***** ENTRIES SUPPLIED
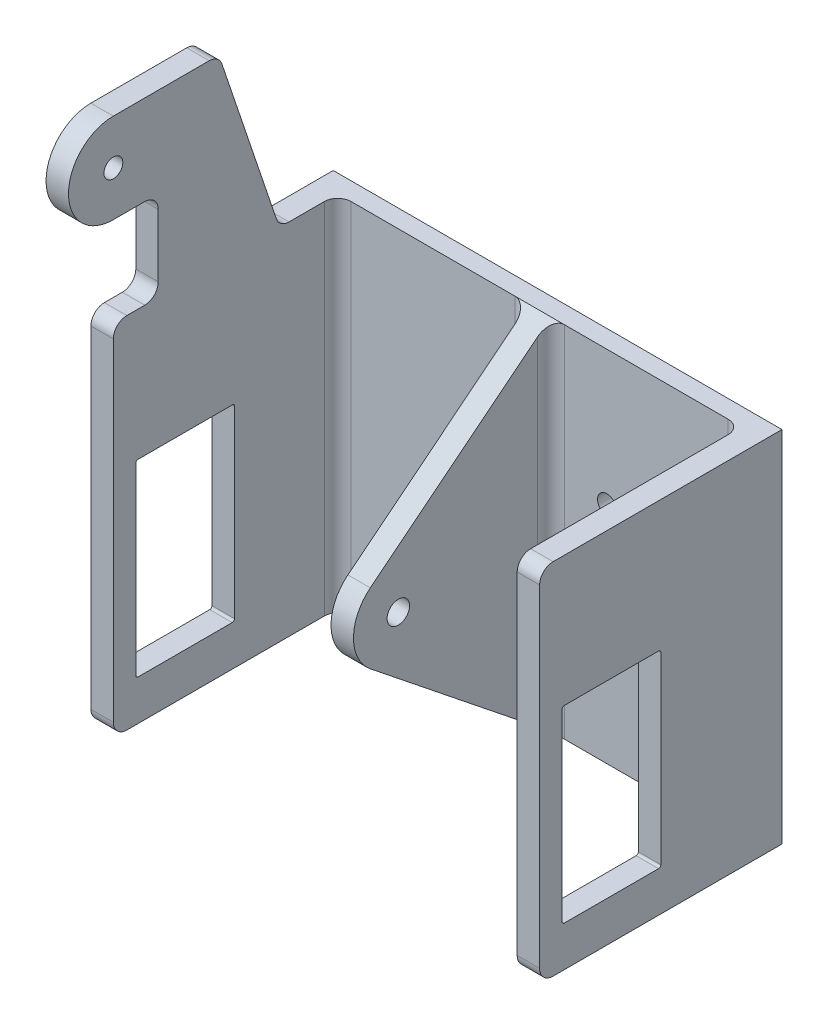
from build123d import *

# Parameters (mm, degrees)
SKETCH_1_W          = 100
SKETCH_1_H          = 80
EXTRUDE_1_DEPTH     = 4
SKETCH_2_W          = 5
SKETCH_2_H          = 80
EXTRUDE_2_DEPTH     = 50
CUT_EXTRUDE_2_DEPTH = 5
FILLET_1_R          = 10
FILLET_2_R          = 3
FILLET_3_R          = 3
SKETCH_5_R          = 2.1
CUT_EXTRUDE_3_DEPTH = 5
SKETCH_6_R          = 2.5
CUT_EXTRUDE_4_DEPTH = 10
SKETCH_7_W          = 22
SKETCH_7_H          = 42
CUT_EXTRUDE_5_DEPTH = 10
SKETCH_8_W          = 22
SKETCH_8_H          = 42
CUT_EXTRUDE_6_DEPTH = 10
FILLET_4_R          = 0.5
FILLET_5_R          = 0.5
SKETCH_9_W          = 5
SKETCH_9_H          = 27
EXTRUDE_3_DEPTH     = 40
CUT_EXTRUDE_7_DEPTH = 20
SKETCH_11_W         = 5
SKETCH_11_H         = 20
EXTRUDE_4_DEPTH     = 20
FILLET_6_RADIUS     = 10
FILLET_6_LENGTH     = 5
FILLET_7_R          = 3
SKETCH_12_R         = 2.1
CUT_EXTRUDE_8_DEPTH = 20


with BuildPart() as part:
    # 草图1 → 凸台-拉伸1 (new body)
    with BuildSketch(Plane.XY):
        with Locations((50, 40)):
            Rectangle(SKETCH_1_W, SKETCH_1_H)
    extrude(amount=EXTRUDE_1_DEPTH)

    # 草图2 → 凸台-拉伸2 (add)
    with BuildSketch(Plane.XY.offset(4)):
        with Locations((2.5, 40)):
            Rectangle(SKETCH_2_W, SKETCH_2_H)
        with Locations((97.5, 40)):
            Rectangle(SKETCH_2_W, SKETCH_2_H)
        with Locations((50, 40)):
            Rectangle(SKETCH_2_W, SKETCH_2_H)
    extrude(amount=EXTRUDE_2_DEPTH)

    # 草图4 → 切除-拉伸2 (cut)
    with BuildSketch(Plane.ZY.offset(-47.5)):
        Polygon((54, 80), (4, 80), (54, 40), align=None)
        Polygon((54, 0), (54, 40), (4, 0), align=None)
    extrude(amount=-CUT_EXTRUDE_2_DEPTH, mode=Mode.SUBTRACT)

    # 圆角1
    fillet_1_edges = [part.edges().sort_by_distance(p)[0] for p in [
        (50, 40, 54),
    ]]
    fillet(fillet_1_edges, radius=FILLET_1_R)

    # 圆角2
    fillet_2_edges = [part.edges().sort_by_distance(p)[0] for p in [
        (5, 40, 4),
        (2.5, 0, 54),
        (2.5, 80, 54),
        (95, 40, 4),
        (97.5, 80, 54),
        (97.5, 0, 54),
    ]]
    fillet(fillet_2_edges, radius=FILLET_2_R)

    # 圆角3
    fillet_3_edges = [part.edges().sort_by_distance(p)[0] for p in [
        (47.5, 40, 4),
        (52.5, 40, 4),
    ]]
    fillet(fillet_3_edges, radius=FILLET_3_R)

    # 草图5 → 切除-拉伸3 (cut)
    with BuildSketch(Plane(origin=(0, 0, 0), x_dir=(-1, 0, 0), z_dir=(0, 0, -1))):
        with Locations((-65, 50)):
            Circle(SKETCH_5_R)
        with Locations((-35, 50)):
            Circle(SKETCH_5_R)
        with Locations((-65, 30)):
            Circle(SKETCH_5_R)
        with Locations((-35, 30)):
            Circle(SKETCH_5_R)
    extrude(amount=-CUT_EXTRUDE_3_DEPTH, mode=Mode.SUBTRACT)

    # 草图6 → 切除-拉伸4 (cut)
    with BuildSketch(Plane.ZY.offset(-47.5)):
        with Locations(Location((37.992189406, 40, 0), (0, 0, 270))):
            Circle(SKETCH_6_R)
    extrude(amount=-CUT_EXTRUDE_4_DEPTH, mode=Mode.SUBTRACT)

    # 草图7 → 切除-拉伸5 (cut)
    with BuildSketch(Plane.ZY):
        with Locations((38, 30)):
            Rectangle(SKETCH_7_W, SKETCH_7_H)
    extrude(amount=-CUT_EXTRUDE_5_DEPTH, mode=Mode.SUBTRACT)

    # 草图8 → 切除-拉伸6 (cut)
    with BuildSketch(Plane(origin=(100, 0, 0), x_dir=(0, 0, -1), z_dir=(1, 0, 0))):
        with Locations((-38, 30)):
            Rectangle(SKETCH_8_W, SKETCH_8_H)
    extrude(amount=-CUT_EXTRUDE_6_DEPTH, mode=Mode.SUBTRACT)

    # 圆角4
    fillet_4_edges = [part.edges().sort_by_distance(p)[0] for p in [
        (97.5, 9, 49),
        (97.5, 51, 49),
        (97.5, 51, 27),
        (97.5, 9, 27),
    ]]
    fillet(fillet_4_edges, radius=FILLET_4_R)

    # 圆角5
    fillet_5_edges = [part.edges().sort_by_distance(p)[0] for p in [
        (2.5, 9, 27),
        (2.5, 51, 27),
        (2.5, 51, 49),
        (2.5, 9, 49),
    ]]
    fillet(fillet_5_edges, radius=FILLET_5_R)

    # 草图9 → 凸台-拉伸3 (add)
    with BuildSketch(Plane(origin=(0, 80, 0), x_dir=(1, 0, 0), z_dir=(0, 1, 0))):
        with Locations((2.5, -30.5)):
            Rectangle(SKETCH_9_W, SKETCH_9_H)
    extrude(amount=EXTRUDE_3_DEPTH)

    # 草图10 → 切除-拉伸7 (cut)
    with BuildSketch(Plane.ZY):
        Polygon((17, 80), (30.5, 120), (17, 120), align=None)
    extrude(amount=-CUT_EXTRUDE_7_DEPTH, mode=Mode.SUBTRACT)

    # 草图11 → 凸台-拉伸4 (add)
    with BuildSketch(Plane.XY.offset(44)):
        with Locations((2.5, 110)):
            Rectangle(SKETCH_11_W, SKETCH_11_H)
    extrude(amount=EXTRUDE_4_DEPTH)

    # 圆角6: full round fillet: the end face becomes a half cylinder, R = half its width
    fillet_6_face = Plane((2.5, 110, 64), x_dir=(1, 0, 0), z_dir=(0, 0, 1))  # on the end face: x along it, z out of the body
    fillet_6_slab = fillet_6_face.offset(-FILLET_6_RADIUS / 2) * Box(FILLET_6_LENGTH, 2 * FILLET_6_RADIUS, FILLET_6_RADIUS, mode=Mode.PRIVATE)  # the body's end, R deep
    fillet_6_round = Plane((2.5, 110, 54), x_dir=(0, 0, 1), z_dir=(1, 0, 0)) * Cylinder(FILLET_6_RADIUS, FILLET_6_LENGTH, mode=Mode.PRIVATE)  # its axis R under the face
    add(fillet_6_slab - fillet_6_round, mode=Mode.SUBTRACT)

    # 圆角7
    fillet_7_edges = [part.edges().sort_by_distance(p)[0] for p in [
        (2.5, 80, 44),
        (2.5, 80, 17),
        (2.5, 120, 30.5),
        (2.5, 100, 44),
    ]]
    fillet(fillet_7_edges, radius=FILLET_7_R)

    # 草图12 → 切除-拉伸8 (cut)
    with BuildSketch(Plane.ZY):
        with Locations((54, 110)):
            Circle(SKETCH_12_R)
    extrude(amount=-CUT_EXTRUDE_8_DEPTH, mode=Mode.SUBTRACT)


solid = part.part
**********
- **TASK**
Where a line in the records above contains the string "offset", return that line.

- **REPLY**
    with BuildSketch(Plane.XY.offset(4)):
    with BuildSketch(Plane.ZY.offset(-47.5)):
    with BuildSketch(Plane.ZY.offset(-47.5)):
    with BuildSketch(Plane.XY.offset(44)):
    fillet_6_slab = fillet_6_face.offset(-FILLET_6_RADIUS / 2) * Box(FILLET_6_LENGTH, 2 * FILLET_6_RADIUS, FILLET_6_RADIUS, mode=Mode.PRIVATE)  # the body's end, R deep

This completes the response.